# cohabiting couple-social welfare entitlement?



## percy pig

Myself and my boyfriend got back from a year traveling a few months ago, He was able to take a career break for the year out and luckily went straight back into his job when we got home. We had saved up some money before we went away to put towards getting a house and when we got back we both moved back into our separate family homes and planned to save like crazy to get the full down payment together.  I however could not find a job and eventually decided I should sign on the dole. . . 6 months later still no job and unfortunately I am still getting the jobseekers allowance. However my boyfriend surprisingly has been able to get a mortgage based on his wage alone and last week we decided to put a deposit on a place that had dropped by 100,000. My boyfriend has put the mortgage in his name and we plan to solicit the house into both of our names. We are worried that once we are living together I will not be able to get the full jobseekers allowance amount that I have been receiving and we have calculated that without this we will not be able to make ends meet. Does anyone have any advice on this situation? Thanks.


----------



## ivannomonet

If you cant afford to buy without 204 euro per week JA then you cant handle any rate increases on your mortgage...Therefore you cant aford to buy... 
How would you cope if/when mortgage rates go back up by at least another 3% to the rate they were in July 08?


----------



## agapanthus

You will find it difficult to have a mortgage in one name and deeds in two, works the other way around alright but not so well that way, doubt if very many banks would agree to that.


----------



## percy pig

ivannomonet said:


> If you cant afford to buy without 204 euro per week JA then you cant handle any rate increases on your mortgage...Therefore you cant aford to buy...
> How would you cope if/when mortgage rates go back up by at least another 3% to the rate they were in July 08?

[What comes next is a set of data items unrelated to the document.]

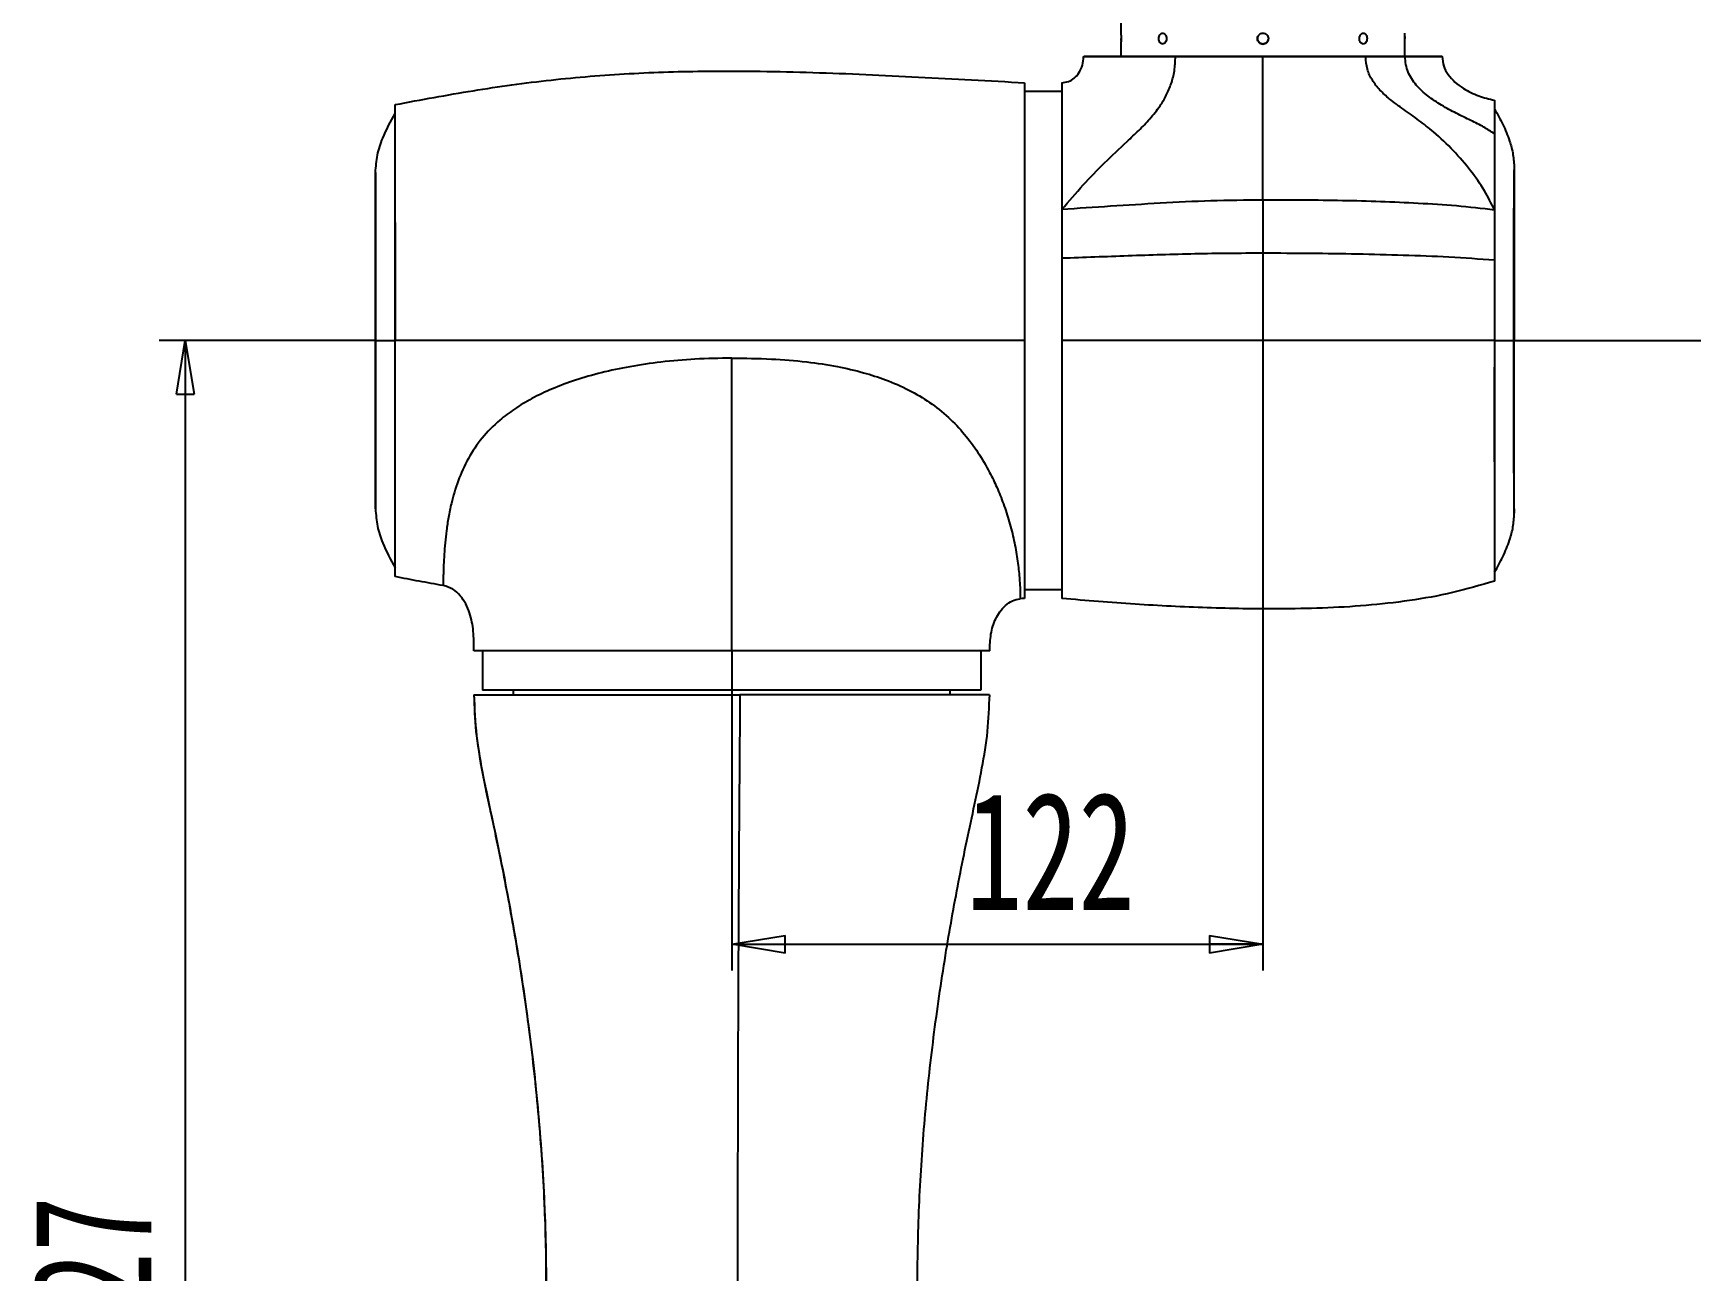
# Model space of a CAD drawing. Header units: millimetres. Extents: x 0 to 841, y 0 to 594.
# Drawn here: x 498.3 to 624.7, y 222.3 to 316.7 of the extents above; entities that cross this region are included whole.
import ezdxf

# ---------------------------------------------------------------- set-up
doc = ezdxf.new("R2010")
doc.units = ezdxf.units.MM
doc.layers.add('10', color=7, linetype='Continuous')
doc.styles.add('SLDTEXTSTYLE4', font='TXT', dxfattribs={"width": 0.7})
doc.dimstyles.new('SLDDIMSTYLE0', dxfattribs={"dimtxt": 9, "dimasz": 4.08, "dimexe": 0, "dimexo": 0.0625, "dimgap": 2.25, "dimtad": 2, "dimlfac": 3, "dimrnd": 1e-09, "dimzin": 12, "dimdsep": 46, "dimtxsty": 'SLDTEXTSTYLE4', "dimblk1": 'CLOSED', "dimblk2": 'CLOSED', "dimsah": 1, "dimcen": 0.09, "dimadec": 0, "dimazin": 3, "dimtfac": 1, "dimtofl": 0, "dimtmove": 0, "dimatfit": 3, "dimldrblk": 'CLOSED', "dimfxl": 0, "dimfrac": 2, "dimtolj": 1, "dimtzin": 12, "dimarcsym": 0})

# ---------------------------------------------------------------- blocks, each defined once
blk = doc.blocks.new('_Closed')
at = {"color": 0, "linetype": 'ByBlock', "lineweight": -2}
for p, q in [((-1, 0.166667), (0, 0)), ((-1, 0.166667), (-1, -0.166667)), ((0, 0), (-1, -0.166667)), ((0, 0), (-1, 0))]:
    blk.add_line(p, q, dxfattribs=at)
blk = doc.blocks.new('_D_14')
at = {"layer": '10'}
for p, q in [((524.41, 293.23), (507.91, 293.23)), ((509.91, 293.23), (509.91, 150.23)), ((524.41, 150.23), (507.91, 150.23))]:
    blk.add_line(p, q, dxfattribs=at)
at = {"layer": '10', "xscale": 4.08, "yscale": 4.08}
for p, rotation in [((509.91, 293.23, 0), 89.99999995012676), ((509.91, 150.23, 0), 269.9999999501268)]:
    blk.add_blockref('_Closed', p, dxfattribs=dict(at, rotation=rotation))
at = {"layer": '10', "insert": (498.31, 215.13), "char_height": 9, "attachment_point": 1, "rotation": 90, "style": 'SLDTEXTSTYLE4'}
blk.add_mtext('427', dxfattribs=at)
blk = doc.blocks.new('_D_15')
at = {"layer": '10'}
for p, q in [((592.08, 293.23), (592.08, 245.19)), ((551.58, 269.56), (551.58, 245.19)), ((551.58, 247.19), (592.08, 247.19))]:
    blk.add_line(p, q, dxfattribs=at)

we had planned to fix the mortgage for 3 years so a rate increase wont be a problem for us,  but apart from the mortgage repayments, if i was to lose €204 a week we would struggle with other living expenses. I have found out that i will have to inform the social welfare of a change in circumstances and they will means test me again as a cohabiting person and will probably decrease my allowance by half or maybe completely take it away, the thing that doesnt make sense is that my boyfriend will still be getting taxed as a single person.


----------



## percy pig

agapanthus said:


> You will find it difficult to have a mortgage in one name and deeds in two, works the other way around alright but not so well that way, doubt if very many banks would agree to that.



The bank has no problem with this, they told us we should get the deeds in both names and at a later date we can put my name on the mortgage.


----------



## gipimann

percy,

In answer to your query re continuing to qualify for Jobseeker's, you will be means-tested on your partner's income, so depending on his wages, you may qualify for less (or no) JA.


----------



## summer00

Do you know the cut off amount for a JA when means tested against a partners salary.  Have looked on a website but find it quite hard to work out.  I know you take your partners weekly gross minus expenses then minus €60 and then take 60%.  This will give you a figure but how do you then know if this figure is too much??
What do I compare it too?


----------



## BaileyMc

Sorry I can't be of help but just had to say this is something that really bugs me.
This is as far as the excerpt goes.